The term Intelligent Transportation Systems (ITS) was coined over two decades ago to designate applications of information and communication technologies to the operational management of transportation networks. The main promise of ITS has been very consistent over that period: network capacity can be freed up by optimizing traffic controls and empowering users with accurate travel information.
It can be debated how much faith practitioners and policy makers have placed in technology by investing their resources, as well as the extent to which Intelligent Transportation Systems have delivered on their promise. However, there is no question that steady and sometimes spectacular advances in computing technologies and usage trickle down to transportation applications in important ways. As a result, new products and services emerge continuously. They include systems that address the direct needs of networks managers, as well as others that are developed in tangential markets (e.g. automotive) or even through non-market mechanisms (e.g. many mobile web applications).

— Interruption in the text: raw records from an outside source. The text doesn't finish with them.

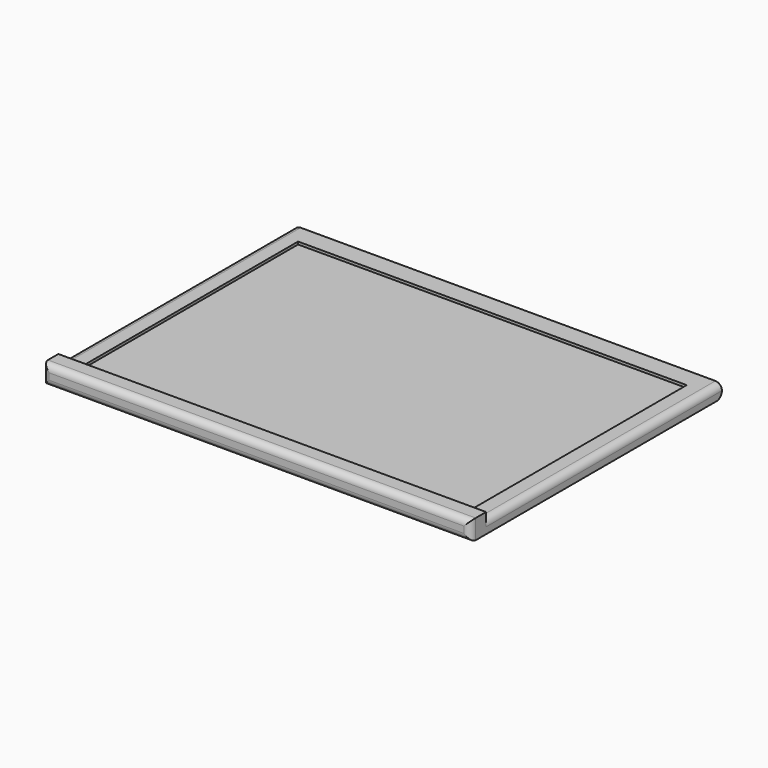
from build123d import *

# Parameters (mm, degrees)
F1_DEPTH = 10
F0_W     = 298
F0_H     = 211
F2_DEPTH = 8
F3_DEPTH = 15
F4_R     = 4.99999


# Not quite as in the source:
# - a fillet or chamfer is up to 0.001 mm smaller than in the source, because OpenCascade refuses the exact size


with BuildPart() as f1:
    # F0 (on Top) → F1 (new body)
    with BuildSketch(Plane.XY):
        Polygon((-149, -105.5), (-149, 105.5), (149, 105.5), (149, -105.5), (164, -105.5), (164, 120.5), (-164, 120.5), (-164, -105.5), align=None)
    extrude(amount=F1_DEPTH)

    # F0 (on Top) → F2 (join)
    with BuildSketch(Plane.XY):
        Rectangle(F0_W, F0_H)
    extrude(amount=F2_DEPTH)

    # F0 (on Top) → F3 (join)
    with BuildSketch(Plane.XY):
        Polygon((149, -105.5), (-149, -105.5), (-164, -105.5), (-164, -120.5), (164, -120.5), (164, -105.5), align=None)
    extrude(amount=F3_DEPTH)

    # F4 (radius 5 in the source; OpenCascade refuses exactly that, so slightly less here)
    f4_edges = [f1.edges().sort_by_distance(p)[0] for p in [
        (0, 120.5, 0),
        (-164, 7.5, 10),
        (164, 7.5, 10),
        (0, -120.5, 15),
        (164, -120.5, 7.5),
        (-164, -120.5, 7.5),
        (0, -120.5, 0),
    ]]
    fillet(f4_edges, radius=F4_R)


solid = f1.part
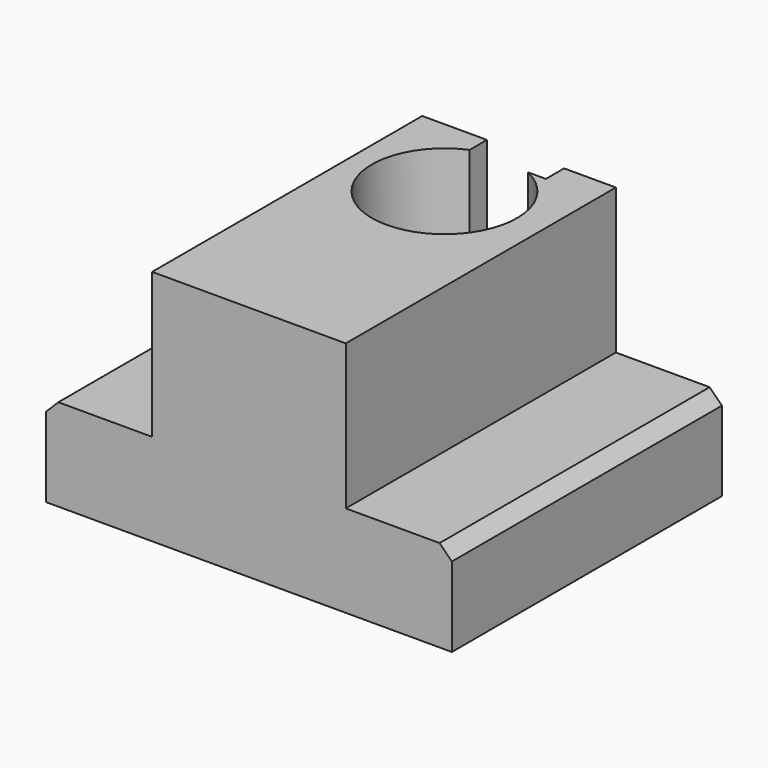
from build123d import *

# Parameters (mm, degrees)
F1_DEPTH = 35.0012
F2_R     = 7.5311
F3_DEPTH = 24.638
F4_DEPTH = 15.0622
F5_W     = 7.9995468259
F5_H     = 14.370085096
F6_DEPTH = 2.3622
F7_SIZE  = 1.27


# Not quite as in the source:
# - a feature names something its author has since deleted; it is built from what else it names


with BuildPart() as f1:
    # F0 (on Front) → F1 (new body)
    with BuildSketch(Plane.XZ):
        Polygon((-22.2087535855, 0), (-22.0162163296, 0), (19.8619475364, 0), (19.8619475364, 9.5335517829), (8.8637475364, 9.5335517829), (8.8637475364, 24.5957517829), (-11.2105535855, 24.5957517829), (-11.2105535855, 9.5335517829), (-22.2087535855, 9.5335517829), align=None)
    extrude(amount=F1_DEPTH)

    # F2 (on Top) → F3 (cut)
    with BuildSketch(Plane.XY):
        with Locations((-1.5582955675, -9.1819977388)):
            Circle(F2_R)
    extrude(amount=F3_DEPTH, mode=Mode.SUBTRACT)

    # F2 (on Top) → F4 (join)
    with BuildSketch(Plane.XY):
        with Locations((-1.5582955675, -9.1819977388)):
            Circle(F2_R)
    extrude(amount=F4_DEPTH)

    # F5 (on face) → F6 (cut, symmetric)
    with BuildSketch(Plane.XZ):
        with Locations((-0.500776805, 17.4107092349)):
            Rectangle(F5_W, F5_H)
    extrude(amount=F6_DEPTH, both=True, mode=Mode.SUBTRACT)

    # F7
    f7_edges = [f1.edges().sort_by_distance(p)[0] for p in [
        (19.861948, -17.5006, 9.533552),
        (-22.208754, -17.5006, 9.533552),
    ]]
    chamfer(f7_edges, length=F7_SIZE)


solid = f1.part
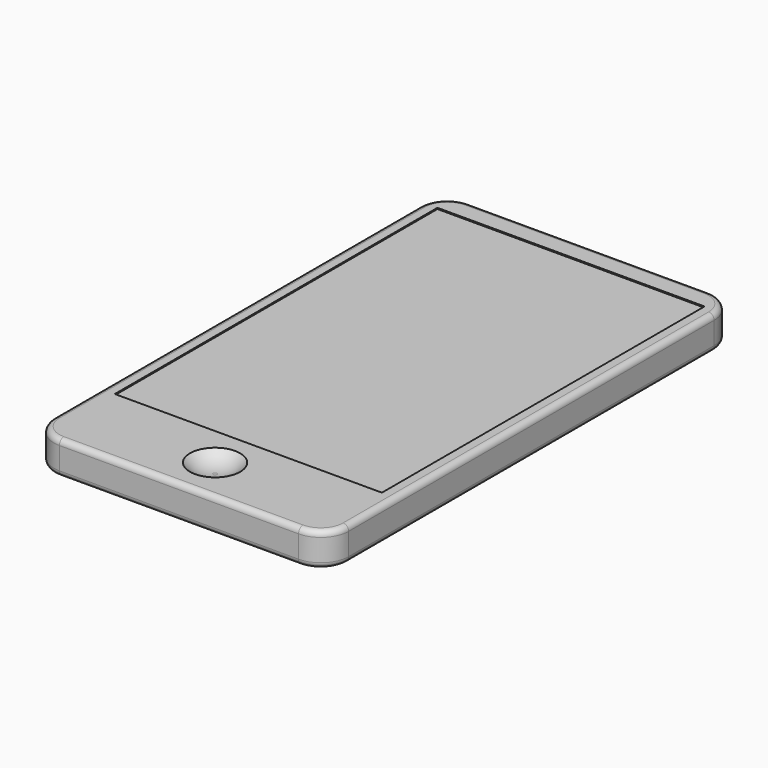
from build123d import *

# Parameters (mm, degrees)
F1_DEPTH  = 3.81
F2_R      = 1.27
F3_R      = 5.7323628205
F4_DEPTH  = 2.286
F3_W      = 60.96
F3_H      = 92.0373842978
F6_DEPTH  = 0.254
F7_W      = 12.1530219913
F7_H      = 2.4910259526
F8_DEPTH  = 1.1176
F9_R      = 0.9198153673
F11_DEPTH = 1.6002
F12_R     = 0.3066051224


# Not quite as in the source:
# - a fillet or chamfer that OpenCascade refuses, or shapes differently, is made with other operations: its cross-section is extruded or revolved along the edge and cut away or added


with BuildPart() as f1:
    # F0 (on Top) → F1 (new body, symmetric)
    with BuildSketch(Plane.XY):
        with BuildLine():
            Line((-27.2898482323, -58.4841631353), (27.2898482323, -58.4841631353))
            ThreePointArc((27.2898482323, -58.4841631353), (31.7799762928, -56.6242911958), (33.6398482323, -52.1341631353))
            Line((33.6398482323, -52.1341631353), (33.6398482323, 52.1341631353))
            ThreePointArc((33.6398482323, 52.1341631353), (31.7799762928, 56.6242911958), (27.2898482323, 58.4841631353))
            Line((27.2898482323, 58.4841631353), (-27.2898482323, 58.4841631353))
            ThreePointArc((-27.2898482323, 58.4841631353), (-31.7799762928, 56.6242911958), (-33.6398482323, 52.1341631353))
            Line((-33.6398482323, 52.1341631353), (-33.6398482323, -52.1341631353))
            ThreePointArc((-33.6398482323, -52.1341631353), (-31.7799762928, -56.6242911958), (-27.2898482323, -58.4841631353))
        make_face()
    extrude(amount=F1_DEPTH, both=True)

    # F2
    f2_edges = [f1.edges().sort_by_distance(p)[0] for p in [
        (33.639848, 0, 3.81),
        (33.639848, 0, -3.81),
        (-33.639848, 0, -3.81),
        (-33.639848, 0, 3.81),
        (-31.779976, 56.624291, -3.81),
        (-31.779976, 56.624291, 3.81),
        (0, 58.484163, -3.81),
        (0, 58.484163, 3.81),
        (31.779976, 56.624291, -3.81),
        (31.779976, 56.624291, 3.81),
        (31.779976, -56.624291, -3.81),
        (31.779976, -56.624291, 3.81),
        (0, -58.484163, -3.81),
        (0, -58.484163, 3.81),
        (-31.779976, -56.624291, 3.81),
        (-31.779976, -56.624291, -3.81),
    ]]
    fillet(f2_edges, radius=F2_R)

    # F3 (on face) → F4 (cut)
    with BuildSketch(Plane.XY.offset(3.81)):
        with Locations((0, -48.1907315552)):
            Circle(F3_R)
    extrude(amount=-F4_DEPTH, mode=Mode.SUBTRACT)

    # F5: fillet of radius 7.2972019136 on 1 edges, made by hand

    # F5_s1 → F5_t2 (revolve)
    with BuildSketch(Plane.XZ.offset(48.1907315552)):
        with BuildLine():
            ThreePointArc((5.7323628205, 3.81), (3.3159569781, 2.1198248924), (0.4279296605, 1.524))
            Line((0.4279296605, 1.524), (5.7323628205, 1.524))
            Line((5.7323628205, 1.524), (5.7323628205, 3.81))
        make_face()
    revolve(axis=Axis((0, -48.1907315552, 1.524), (0, 0, 1)))

    # F3 (on face) → F6 (cut)
    with BuildSketch(Plane.XY.offset(3.81)):
        with Locations((0, 7.3213078511)):
            Rectangle(F3_W, F3_H)
    extrude(amount=-F6_DEPTH, mode=Mode.SUBTRACT)

    # F7 (on face) → F8 (cut)
    with BuildSketch(Plane(origin=(-33.6398482323, 0, 0), x_dir=(0, -1, 0), z_dir=(-1, 0, 0))):
        with Locations((-43.15578565, 0)):
            Rectangle(F7_W, F7_H)
    extrude(amount=-F8_DEPTH, mode=Mode.SUBTRACT)

    # F9
    f9_edges = [f1.edges().sort_by_distance(p)[0] for p in [
        (-33.081048, 37.079275, 1.245513),
        (-33.081048, 49.232297, 1.245513),
        (-33.081048, 49.232297, -1.245513),
        (-33.081048, 37.079275, -1.245513),
    ]]
    fillet(f9_edges, radius=F9_R)


with BuildPart() as f11:
    # F10 (on face) → F11 (new body)
    with BuildSketch(Plane(origin=(-32.5222482323, 0, 0), x_dir=(0, -1, 0), z_dir=(-1, 0, 0))):
        with BuildLine():
            Line((-48.3124812784, -1.0677123209), (-37.9990900217, -1.0677123209))
            ThreePointArc((-37.9990900217, -1.0677123209), (-37.4744063871, -0.8503812436), (-37.2570753098, -0.325697609))
            Line((-37.2570753098, -0.325697609), (-37.2570753098, 0.325697609))
            ThreePointArc((-37.2570753098, 0.325697609), (-37.4744063871, 0.8503812436), (-37.9990900217, 1.0677123209))
            Line((-37.9990900217, 1.0677123209), (-48.3124812784, 1.0677123209))
            ThreePointArc((-48.3124812784, 1.0677123209), (-48.8371649129, 0.8503812436), (-49.0544959903, 0.325697609))
            Line((-49.0544959903, 0.325697609), (-49.0544959903, -0.325697609))
            ThreePointArc((-49.0544959903, -0.325697609), (-48.8371649129, -0.8503812436), (-48.3124812784, -1.0677123209))
        make_face()
    extrude(amount=F11_DEPTH)

    # F12
    f12_edges = [f11.edges().sort_by_distance(p)[0] for p in [
        (-34.122448, 37.474406, -0.850381),
        (-34.122448, 37.257075, 0),
        (-34.122448, 37.474406, 0.850381),
        (-34.122448, 43.155786, 1.067712),
        (-34.122448, 48.837165, 0.850381),
        (-34.122448, 49.054496, 0),
        (-34.122448, 48.837165, -0.850381),
        (-34.122448, 43.155786, -1.067712),
    ]]
    fillet(f12_edges, radius=F12_R)


solid = Compound([f1.part, f11.part])
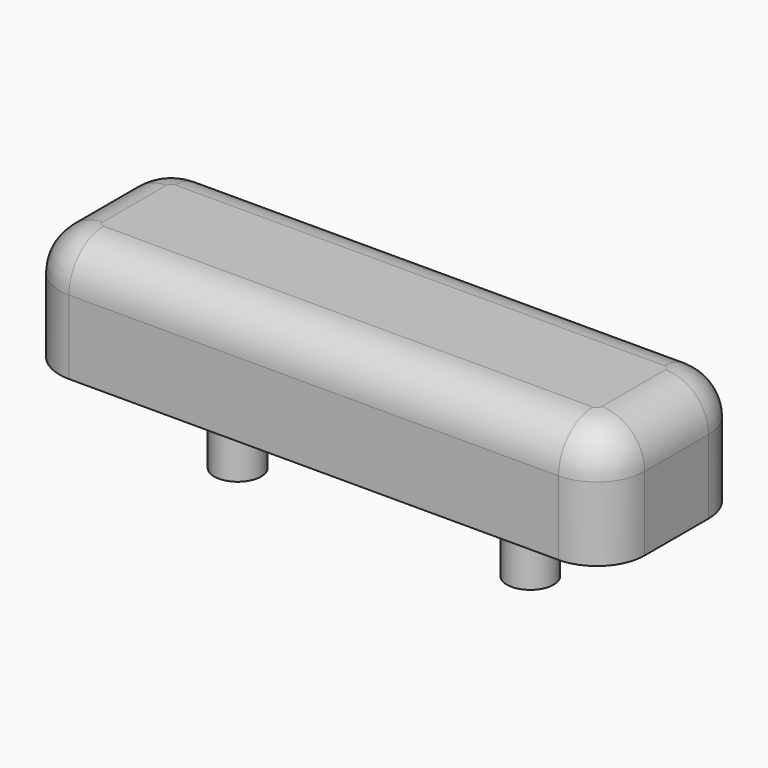
from build123d import *

# Parameters (mm, degrees)
F0_W         = 50
F0_H         = 15
F0_R         = 2
F1_DEPTH     = 10
F2_R         = 3.6792614691
F3_T1_DEPTH  = 20.2290713461
F3_T4_ANGLE  = 90
F3_T6_ANGLE  = 90
F3_T8_ANGLE  = 90
F3_T10_ANGLE = 90
F4_D         = 4.5
F4_DEPTH     = 0.5
F4_TIP       = 1.3519363928
F5_DEPTH     = 7


# Not quite as in the source:
# - a fillet or chamfer that OpenCascade refuses, or shapes differently, is made with other operations: its cross-section is extruded or revolved along the edge and cut away or added


with BuildPart() as f1:
    # F0 (on Top) → F1 (new body)
    with BuildSketch(Plane.XY):
        Rectangle(F0_W, F0_H)
        with Locations((-12.5, 0)):
            Circle(F0_R, mode=Mode.SUBTRACT)
        with Locations((12.5, 0)):
            Circle(F0_R, mode=Mode.SUBTRACT)
        with Locations((12.5, 0)):
            Circle(F0_R)
        with Locations((-12.5, 0)):
            Circle(F0_R)
    extrude(amount=F1_DEPTH)

    # F2
    f2_edges = [f1.edges().sort_by_distance(p)[0] for p in [
        (0, -7.5, 10),
        (-25, 0, 10),
        (25, 0, 10),
        (0, 7.5, 10),
    ]]
    fillet(f2_edges, radius=F2_R)

    # F3: fillet of radius 4.0916285384 on 4 edges, made by hand

    # F3_s2 → F3_t1 (cut)
    with BuildSketch(Plane.XY.offset(-10.2290713461)):
        with BuildLine():
            ThreePointArc((-20.9083714616, 7.5), (-23.8015897472, 6.3015897472), (-25, 3.4083714616))
            Line((-25, 3.4083714616), (-25, 7.5))
            Line((-25, 7.5), (-20.9083714616, 7.5))
        make_face()
        with BuildLine():
            ThreePointArc((-20.9083714616, -7.5), (-23.8015897472, -6.3015897472), (-25, -3.4083714616))
            Line((-25, -3.4083714616), (-25, -7.5))
            Line((-25, -7.5), (-20.9083714616, -7.5))
        make_face()
        with BuildLine():
            ThreePointArc((25, 3.4083714616), (23.8015897472, 6.3015897472), (20.9083714616, 7.5))
            Line((20.9083714616, 7.5), (25, 7.5))
            Line((25, 7.5), (25, 3.4083714616))
        make_face()
        with BuildLine():
            ThreePointArc((25, -3.4083714616), (23.8015897472, -6.3015897472), (20.9083714616, -7.5))
            Line((20.9083714616, -7.5), (25, -7.5))
            Line((25, -7.5), (25, -3.4083714616))
        make_face()
    extrude(amount=F3_T1_DEPTH, mode=Mode.SUBTRACT)

    # F3_s3 → F3_t4 (revolve, cut)
    with BuildSketch(Plane.YZ.offset(20.9083714616)):
        with BuildLine():
            ThreePointArc((-3.8207385309, 10), (-6.4223692655, 8.9223692655), (-7.5, 6.3207385309))
            Line((-7.5, 6.3207385309), (-7.5, 10))
            Line((-7.5, 10), (-3.8207385309, 10))
        make_face()
    revolve(axis=Axis((20.9083714616, -3.4083714616, 10), (0, 0, 1)), revolution_arc=F3_T4_ANGLE, mode=Mode.SUBTRACT)

    # F3_s5 → F3_t6 (revolve, cut)
    with BuildSketch(Plane.XZ.offset(-3.4083714616)):
        with BuildLine():
            ThreePointArc((21.3207385309, 10), (23.9223692655, 8.9223692655), (25, 6.3207385309))
            Line((25, 6.3207385309), (25, 10))
            Line((25, 10), (21.3207385309, 10))
        make_face()
    revolve(axis=Axis((20.9083714616, 3.4083714616, 10), (0, 0, 1)), revolution_arc=F3_T6_ANGLE, mode=Mode.SUBTRACT)

    # F3_s7 → F3_t8 (revolve, cut)
    with BuildSketch(Plane.XZ.offset(3.4083714616)):
        with BuildLine():
            ThreePointArc((-21.3207385309, 10), (-23.9223692655, 8.9223692655), (-25, 6.3207385309))
            Line((-25, 6.3207385309), (-25, 10))
            Line((-25, 10), (-21.3207385309, 10))
        make_face()
    revolve(axis=Axis((-20.9083714616, -3.4083714616, 10), (0, 0, 1)), revolution_arc=F3_T8_ANGLE, mode=Mode.SUBTRACT)

    # F3_s9 → F3_t10 (revolve, cut)
    with BuildSketch(Plane.YZ.offset(-20.9083714616)):
        with BuildLine():
            ThreePointArc((3.8207385309, 10), (6.4223692655, 8.9223692655), (7.5, 6.3207385309))
            Line((7.5, 6.3207385309), (7.5, 10))
            Line((7.5, 10), (3.8207385309, 10))
        make_face()
    revolve(axis=Axis((-20.9083714616, 3.4083714616, 10), (0, 0, 1)), revolution_arc=F3_T10_ANGLE, mode=Mode.SUBTRACT)

    # F4
    with Locations(Plane(origin=(0, 0, 0), x_dir=(1, 0, 0), z_dir=(0, 0, -1))):
        with Locations((0, 0)):
            Hole(F4_D / 2, depth=F4_DEPTH)
            with Locations((0, 0, -(F4_DEPTH + F4_TIP / 2))):  # 118° drill point
                Cone(0, F4_D / 2, F4_TIP, mode=Mode.SUBTRACT)

    # F0 (on Top) → F5 (join)
    with BuildSketch(Plane.XY):
        with Locations((12.5, 0)):
            Circle(F0_R)
        with Locations((-12.5, 0)):
            Circle(F0_R)
    extrude(amount=-F5_DEPTH)


solid = f1.part

This talk presentation reviews major trends in information and communication technologies and demonstrate how each of them is driving innovative transportation services. We attempt to envision how those trends might develop in the future, so that we can finally examine some of their implications for travel demand and network management. There lie both challenges and opportunities for transportation engineers and planners, but either way, profound changes appear inevitable.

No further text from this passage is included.